'''

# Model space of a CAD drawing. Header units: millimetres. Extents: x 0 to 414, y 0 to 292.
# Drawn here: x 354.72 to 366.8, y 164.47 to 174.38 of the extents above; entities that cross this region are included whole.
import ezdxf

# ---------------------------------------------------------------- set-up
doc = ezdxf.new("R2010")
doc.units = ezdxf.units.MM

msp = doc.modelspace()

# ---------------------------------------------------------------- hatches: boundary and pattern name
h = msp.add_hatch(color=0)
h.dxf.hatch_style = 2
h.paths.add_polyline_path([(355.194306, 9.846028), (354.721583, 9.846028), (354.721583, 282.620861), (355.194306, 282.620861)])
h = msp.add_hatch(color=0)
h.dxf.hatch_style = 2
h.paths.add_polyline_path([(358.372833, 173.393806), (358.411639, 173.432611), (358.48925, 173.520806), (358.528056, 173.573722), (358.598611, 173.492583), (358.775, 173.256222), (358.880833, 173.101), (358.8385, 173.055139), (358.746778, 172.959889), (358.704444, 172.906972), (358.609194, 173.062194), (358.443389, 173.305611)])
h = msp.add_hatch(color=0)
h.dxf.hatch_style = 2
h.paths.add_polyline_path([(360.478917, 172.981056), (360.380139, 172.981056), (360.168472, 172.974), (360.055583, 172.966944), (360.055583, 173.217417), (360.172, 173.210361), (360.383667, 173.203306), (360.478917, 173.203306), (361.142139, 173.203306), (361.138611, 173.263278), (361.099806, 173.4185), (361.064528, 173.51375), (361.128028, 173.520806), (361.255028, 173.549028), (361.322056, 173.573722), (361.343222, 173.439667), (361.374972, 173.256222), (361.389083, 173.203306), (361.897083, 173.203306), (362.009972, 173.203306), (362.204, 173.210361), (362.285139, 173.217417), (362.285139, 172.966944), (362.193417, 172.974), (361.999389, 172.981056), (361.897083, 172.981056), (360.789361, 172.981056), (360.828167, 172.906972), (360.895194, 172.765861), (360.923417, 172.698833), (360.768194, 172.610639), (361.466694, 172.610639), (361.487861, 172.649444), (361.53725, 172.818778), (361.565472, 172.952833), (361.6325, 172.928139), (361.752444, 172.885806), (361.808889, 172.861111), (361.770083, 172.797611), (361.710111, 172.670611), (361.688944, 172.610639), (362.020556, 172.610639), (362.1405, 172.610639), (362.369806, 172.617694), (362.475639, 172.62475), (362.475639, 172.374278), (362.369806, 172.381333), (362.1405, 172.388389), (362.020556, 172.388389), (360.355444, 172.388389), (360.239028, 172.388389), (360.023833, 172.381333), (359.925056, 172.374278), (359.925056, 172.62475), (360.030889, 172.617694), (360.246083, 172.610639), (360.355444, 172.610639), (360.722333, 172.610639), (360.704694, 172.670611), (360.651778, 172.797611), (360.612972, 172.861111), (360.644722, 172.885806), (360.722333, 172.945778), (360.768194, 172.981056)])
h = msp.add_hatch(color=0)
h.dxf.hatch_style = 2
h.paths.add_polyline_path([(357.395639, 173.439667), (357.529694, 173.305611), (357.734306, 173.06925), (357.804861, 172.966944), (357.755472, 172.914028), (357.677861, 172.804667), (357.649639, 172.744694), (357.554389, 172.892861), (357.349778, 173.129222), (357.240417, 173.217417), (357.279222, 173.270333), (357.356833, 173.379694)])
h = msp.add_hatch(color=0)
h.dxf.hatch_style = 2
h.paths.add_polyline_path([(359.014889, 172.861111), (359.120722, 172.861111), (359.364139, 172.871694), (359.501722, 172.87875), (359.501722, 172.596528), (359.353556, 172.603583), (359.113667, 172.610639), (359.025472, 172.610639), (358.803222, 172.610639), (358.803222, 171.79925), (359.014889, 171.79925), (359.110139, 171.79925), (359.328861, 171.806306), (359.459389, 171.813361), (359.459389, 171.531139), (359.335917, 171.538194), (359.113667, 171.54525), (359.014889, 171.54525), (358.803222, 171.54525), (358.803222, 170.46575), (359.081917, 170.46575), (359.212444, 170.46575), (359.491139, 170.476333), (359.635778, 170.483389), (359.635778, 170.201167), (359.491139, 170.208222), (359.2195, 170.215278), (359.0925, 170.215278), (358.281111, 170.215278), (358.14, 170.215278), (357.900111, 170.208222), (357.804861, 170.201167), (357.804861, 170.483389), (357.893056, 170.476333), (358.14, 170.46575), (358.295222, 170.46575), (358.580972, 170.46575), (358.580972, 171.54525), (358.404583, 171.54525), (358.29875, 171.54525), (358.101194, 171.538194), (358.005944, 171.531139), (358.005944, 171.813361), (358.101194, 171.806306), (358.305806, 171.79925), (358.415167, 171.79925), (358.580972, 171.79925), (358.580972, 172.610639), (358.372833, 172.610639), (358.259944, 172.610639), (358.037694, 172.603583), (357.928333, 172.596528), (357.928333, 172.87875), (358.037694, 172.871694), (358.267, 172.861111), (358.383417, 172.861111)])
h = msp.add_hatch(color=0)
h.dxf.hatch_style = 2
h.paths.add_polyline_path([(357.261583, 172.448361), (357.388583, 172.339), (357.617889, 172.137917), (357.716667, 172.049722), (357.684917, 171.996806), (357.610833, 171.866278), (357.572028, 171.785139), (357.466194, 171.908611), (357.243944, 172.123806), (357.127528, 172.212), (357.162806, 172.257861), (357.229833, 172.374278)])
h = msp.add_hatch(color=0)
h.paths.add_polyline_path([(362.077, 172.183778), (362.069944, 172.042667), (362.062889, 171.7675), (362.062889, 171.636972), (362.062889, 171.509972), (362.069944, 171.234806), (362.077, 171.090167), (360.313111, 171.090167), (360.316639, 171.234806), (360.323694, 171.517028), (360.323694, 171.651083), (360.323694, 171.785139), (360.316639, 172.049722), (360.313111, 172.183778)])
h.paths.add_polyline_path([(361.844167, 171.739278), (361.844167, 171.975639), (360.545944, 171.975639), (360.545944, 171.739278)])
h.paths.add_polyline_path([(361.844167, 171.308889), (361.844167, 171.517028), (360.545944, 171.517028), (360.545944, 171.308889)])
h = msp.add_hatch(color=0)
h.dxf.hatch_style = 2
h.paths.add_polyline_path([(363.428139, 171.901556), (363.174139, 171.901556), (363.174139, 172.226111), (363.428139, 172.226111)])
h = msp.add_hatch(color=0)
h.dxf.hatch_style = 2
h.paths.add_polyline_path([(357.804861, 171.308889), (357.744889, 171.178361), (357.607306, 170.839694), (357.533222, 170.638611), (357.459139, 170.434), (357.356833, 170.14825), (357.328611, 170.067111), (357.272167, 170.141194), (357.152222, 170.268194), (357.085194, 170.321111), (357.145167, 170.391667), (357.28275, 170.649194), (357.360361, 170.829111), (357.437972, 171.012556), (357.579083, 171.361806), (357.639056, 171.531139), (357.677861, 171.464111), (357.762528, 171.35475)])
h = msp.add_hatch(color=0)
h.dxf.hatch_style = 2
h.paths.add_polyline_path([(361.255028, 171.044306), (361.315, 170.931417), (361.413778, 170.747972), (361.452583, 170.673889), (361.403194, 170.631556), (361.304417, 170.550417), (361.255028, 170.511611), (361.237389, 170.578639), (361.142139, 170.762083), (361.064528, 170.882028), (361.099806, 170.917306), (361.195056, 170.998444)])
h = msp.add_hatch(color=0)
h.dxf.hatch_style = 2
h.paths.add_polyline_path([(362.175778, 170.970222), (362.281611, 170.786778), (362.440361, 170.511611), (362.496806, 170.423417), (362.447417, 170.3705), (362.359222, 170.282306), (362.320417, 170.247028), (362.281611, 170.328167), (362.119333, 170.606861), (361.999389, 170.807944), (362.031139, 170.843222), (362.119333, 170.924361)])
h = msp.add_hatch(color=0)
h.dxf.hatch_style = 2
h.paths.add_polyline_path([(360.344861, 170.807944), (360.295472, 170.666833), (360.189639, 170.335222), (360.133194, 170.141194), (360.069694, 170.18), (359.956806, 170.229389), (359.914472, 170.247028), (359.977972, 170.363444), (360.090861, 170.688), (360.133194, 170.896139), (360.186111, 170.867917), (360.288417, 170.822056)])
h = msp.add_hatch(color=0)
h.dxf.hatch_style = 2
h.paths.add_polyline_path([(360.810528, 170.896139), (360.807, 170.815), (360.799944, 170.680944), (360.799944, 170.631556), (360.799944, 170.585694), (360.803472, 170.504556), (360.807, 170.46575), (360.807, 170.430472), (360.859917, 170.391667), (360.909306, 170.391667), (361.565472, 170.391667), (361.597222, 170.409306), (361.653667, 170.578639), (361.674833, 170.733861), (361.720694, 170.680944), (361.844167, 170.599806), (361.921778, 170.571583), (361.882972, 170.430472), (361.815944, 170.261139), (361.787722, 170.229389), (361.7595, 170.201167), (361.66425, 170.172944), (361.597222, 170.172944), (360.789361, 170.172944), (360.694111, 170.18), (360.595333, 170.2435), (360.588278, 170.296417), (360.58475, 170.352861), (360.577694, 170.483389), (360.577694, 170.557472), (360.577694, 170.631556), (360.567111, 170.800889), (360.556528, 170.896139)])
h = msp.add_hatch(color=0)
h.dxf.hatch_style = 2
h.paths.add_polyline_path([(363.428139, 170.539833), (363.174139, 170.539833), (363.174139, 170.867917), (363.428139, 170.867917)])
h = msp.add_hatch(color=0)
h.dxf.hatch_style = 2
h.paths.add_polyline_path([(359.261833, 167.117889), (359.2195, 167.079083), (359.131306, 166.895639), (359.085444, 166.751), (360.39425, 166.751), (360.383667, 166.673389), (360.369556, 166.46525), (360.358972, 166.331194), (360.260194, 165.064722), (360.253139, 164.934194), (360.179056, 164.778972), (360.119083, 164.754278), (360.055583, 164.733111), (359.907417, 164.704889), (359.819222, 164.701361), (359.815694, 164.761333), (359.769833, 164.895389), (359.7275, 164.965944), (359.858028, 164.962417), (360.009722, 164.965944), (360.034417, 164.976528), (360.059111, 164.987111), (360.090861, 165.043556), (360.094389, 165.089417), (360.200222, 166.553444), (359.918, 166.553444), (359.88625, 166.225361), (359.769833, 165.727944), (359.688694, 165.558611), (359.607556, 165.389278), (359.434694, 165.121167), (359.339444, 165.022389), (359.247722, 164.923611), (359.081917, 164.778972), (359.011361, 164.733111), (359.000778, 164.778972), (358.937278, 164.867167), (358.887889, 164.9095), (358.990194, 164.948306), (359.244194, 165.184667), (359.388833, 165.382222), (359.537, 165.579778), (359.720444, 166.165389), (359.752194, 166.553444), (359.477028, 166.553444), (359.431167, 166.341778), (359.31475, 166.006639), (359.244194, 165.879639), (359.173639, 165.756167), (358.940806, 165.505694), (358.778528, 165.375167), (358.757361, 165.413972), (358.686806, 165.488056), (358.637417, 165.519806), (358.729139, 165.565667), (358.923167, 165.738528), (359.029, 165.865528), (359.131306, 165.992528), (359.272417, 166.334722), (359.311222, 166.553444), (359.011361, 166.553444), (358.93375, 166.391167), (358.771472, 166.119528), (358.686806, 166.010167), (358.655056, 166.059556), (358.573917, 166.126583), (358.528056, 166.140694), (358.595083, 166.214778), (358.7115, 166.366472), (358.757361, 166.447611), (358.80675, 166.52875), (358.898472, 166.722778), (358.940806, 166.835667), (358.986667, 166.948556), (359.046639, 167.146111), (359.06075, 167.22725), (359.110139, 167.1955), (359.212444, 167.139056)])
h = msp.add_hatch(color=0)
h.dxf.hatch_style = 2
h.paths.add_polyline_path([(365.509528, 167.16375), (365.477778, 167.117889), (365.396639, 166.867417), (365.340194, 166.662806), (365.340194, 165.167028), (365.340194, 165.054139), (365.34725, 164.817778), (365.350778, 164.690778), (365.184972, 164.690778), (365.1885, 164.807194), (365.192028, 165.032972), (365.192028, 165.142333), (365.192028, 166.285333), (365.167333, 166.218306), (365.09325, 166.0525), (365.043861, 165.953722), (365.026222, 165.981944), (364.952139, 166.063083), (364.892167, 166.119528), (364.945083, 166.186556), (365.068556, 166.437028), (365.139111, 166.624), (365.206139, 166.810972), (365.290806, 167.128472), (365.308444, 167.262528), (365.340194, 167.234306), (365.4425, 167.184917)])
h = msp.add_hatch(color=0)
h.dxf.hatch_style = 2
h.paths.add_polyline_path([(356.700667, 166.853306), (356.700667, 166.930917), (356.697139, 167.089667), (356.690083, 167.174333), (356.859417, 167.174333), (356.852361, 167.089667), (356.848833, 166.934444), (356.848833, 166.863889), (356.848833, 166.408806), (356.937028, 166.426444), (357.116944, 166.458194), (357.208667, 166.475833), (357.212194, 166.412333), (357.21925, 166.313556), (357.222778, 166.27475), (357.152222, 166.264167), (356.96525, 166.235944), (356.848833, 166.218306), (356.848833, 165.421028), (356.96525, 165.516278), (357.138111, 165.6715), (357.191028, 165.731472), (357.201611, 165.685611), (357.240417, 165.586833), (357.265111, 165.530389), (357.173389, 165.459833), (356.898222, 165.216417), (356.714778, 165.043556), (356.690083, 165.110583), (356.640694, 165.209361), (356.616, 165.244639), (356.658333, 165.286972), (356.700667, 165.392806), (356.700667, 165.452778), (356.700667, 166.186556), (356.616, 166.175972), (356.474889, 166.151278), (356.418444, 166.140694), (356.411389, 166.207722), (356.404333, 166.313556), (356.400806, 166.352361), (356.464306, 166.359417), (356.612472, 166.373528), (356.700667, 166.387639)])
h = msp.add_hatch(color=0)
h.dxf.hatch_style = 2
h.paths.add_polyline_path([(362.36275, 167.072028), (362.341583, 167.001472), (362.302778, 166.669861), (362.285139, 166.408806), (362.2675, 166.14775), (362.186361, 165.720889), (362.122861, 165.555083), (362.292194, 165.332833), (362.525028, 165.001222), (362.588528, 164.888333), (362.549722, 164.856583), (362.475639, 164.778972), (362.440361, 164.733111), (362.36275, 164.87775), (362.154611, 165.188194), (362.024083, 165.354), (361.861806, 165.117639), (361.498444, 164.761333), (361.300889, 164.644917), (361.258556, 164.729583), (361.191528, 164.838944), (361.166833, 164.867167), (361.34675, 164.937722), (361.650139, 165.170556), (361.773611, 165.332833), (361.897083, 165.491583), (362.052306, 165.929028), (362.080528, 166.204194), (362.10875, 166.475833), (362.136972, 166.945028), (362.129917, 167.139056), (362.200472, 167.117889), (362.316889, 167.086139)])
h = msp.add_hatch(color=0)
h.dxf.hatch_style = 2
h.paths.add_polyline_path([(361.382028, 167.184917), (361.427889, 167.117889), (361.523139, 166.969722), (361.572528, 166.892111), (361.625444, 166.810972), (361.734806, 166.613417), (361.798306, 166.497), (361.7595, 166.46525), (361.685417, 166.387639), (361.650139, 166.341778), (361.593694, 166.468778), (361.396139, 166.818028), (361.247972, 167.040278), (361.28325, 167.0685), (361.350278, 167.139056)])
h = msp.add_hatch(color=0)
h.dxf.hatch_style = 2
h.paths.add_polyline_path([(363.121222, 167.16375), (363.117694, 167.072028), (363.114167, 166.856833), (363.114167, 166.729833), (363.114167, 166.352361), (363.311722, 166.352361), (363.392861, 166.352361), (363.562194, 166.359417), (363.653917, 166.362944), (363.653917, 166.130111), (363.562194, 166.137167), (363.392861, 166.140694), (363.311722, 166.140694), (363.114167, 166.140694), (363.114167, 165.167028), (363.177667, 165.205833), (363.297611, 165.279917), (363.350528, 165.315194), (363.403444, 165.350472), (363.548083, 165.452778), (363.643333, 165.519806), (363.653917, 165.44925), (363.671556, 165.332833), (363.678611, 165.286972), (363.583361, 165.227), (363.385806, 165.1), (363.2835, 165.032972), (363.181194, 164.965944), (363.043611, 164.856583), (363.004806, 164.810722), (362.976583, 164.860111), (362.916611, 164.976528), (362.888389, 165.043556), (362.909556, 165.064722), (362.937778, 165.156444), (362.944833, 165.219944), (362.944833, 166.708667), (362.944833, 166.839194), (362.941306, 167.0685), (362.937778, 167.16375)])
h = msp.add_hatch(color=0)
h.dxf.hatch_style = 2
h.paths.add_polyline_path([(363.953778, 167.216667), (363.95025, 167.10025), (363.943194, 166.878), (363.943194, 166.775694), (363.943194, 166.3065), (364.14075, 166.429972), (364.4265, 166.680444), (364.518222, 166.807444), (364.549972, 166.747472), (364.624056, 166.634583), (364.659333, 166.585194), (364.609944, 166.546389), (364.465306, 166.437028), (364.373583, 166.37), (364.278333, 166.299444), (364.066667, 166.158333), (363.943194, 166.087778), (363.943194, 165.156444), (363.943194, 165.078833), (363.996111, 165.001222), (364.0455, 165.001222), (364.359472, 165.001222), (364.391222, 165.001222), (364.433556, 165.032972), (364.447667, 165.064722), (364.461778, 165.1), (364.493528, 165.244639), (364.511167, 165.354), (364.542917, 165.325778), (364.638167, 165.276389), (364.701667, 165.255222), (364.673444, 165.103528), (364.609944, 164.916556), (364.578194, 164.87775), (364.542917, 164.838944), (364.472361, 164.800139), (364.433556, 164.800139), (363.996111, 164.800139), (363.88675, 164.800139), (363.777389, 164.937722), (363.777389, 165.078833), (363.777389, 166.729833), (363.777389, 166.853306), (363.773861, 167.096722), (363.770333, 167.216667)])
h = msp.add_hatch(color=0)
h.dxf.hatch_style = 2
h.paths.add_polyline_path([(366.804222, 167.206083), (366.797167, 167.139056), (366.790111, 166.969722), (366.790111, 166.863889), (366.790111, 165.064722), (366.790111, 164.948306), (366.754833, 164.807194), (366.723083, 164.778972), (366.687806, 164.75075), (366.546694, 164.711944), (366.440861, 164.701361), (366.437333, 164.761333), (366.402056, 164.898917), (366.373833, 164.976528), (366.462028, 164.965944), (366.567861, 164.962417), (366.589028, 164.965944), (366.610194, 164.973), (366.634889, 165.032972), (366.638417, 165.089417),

'''

WHAT YOU NEED TO DO:
Lines from the records above that hold "ezdxf" are the ones to list.

ANSWER:
import ezdxf
doc = ezdxf.new("R2010")
doc.units = ezdxf.units.MM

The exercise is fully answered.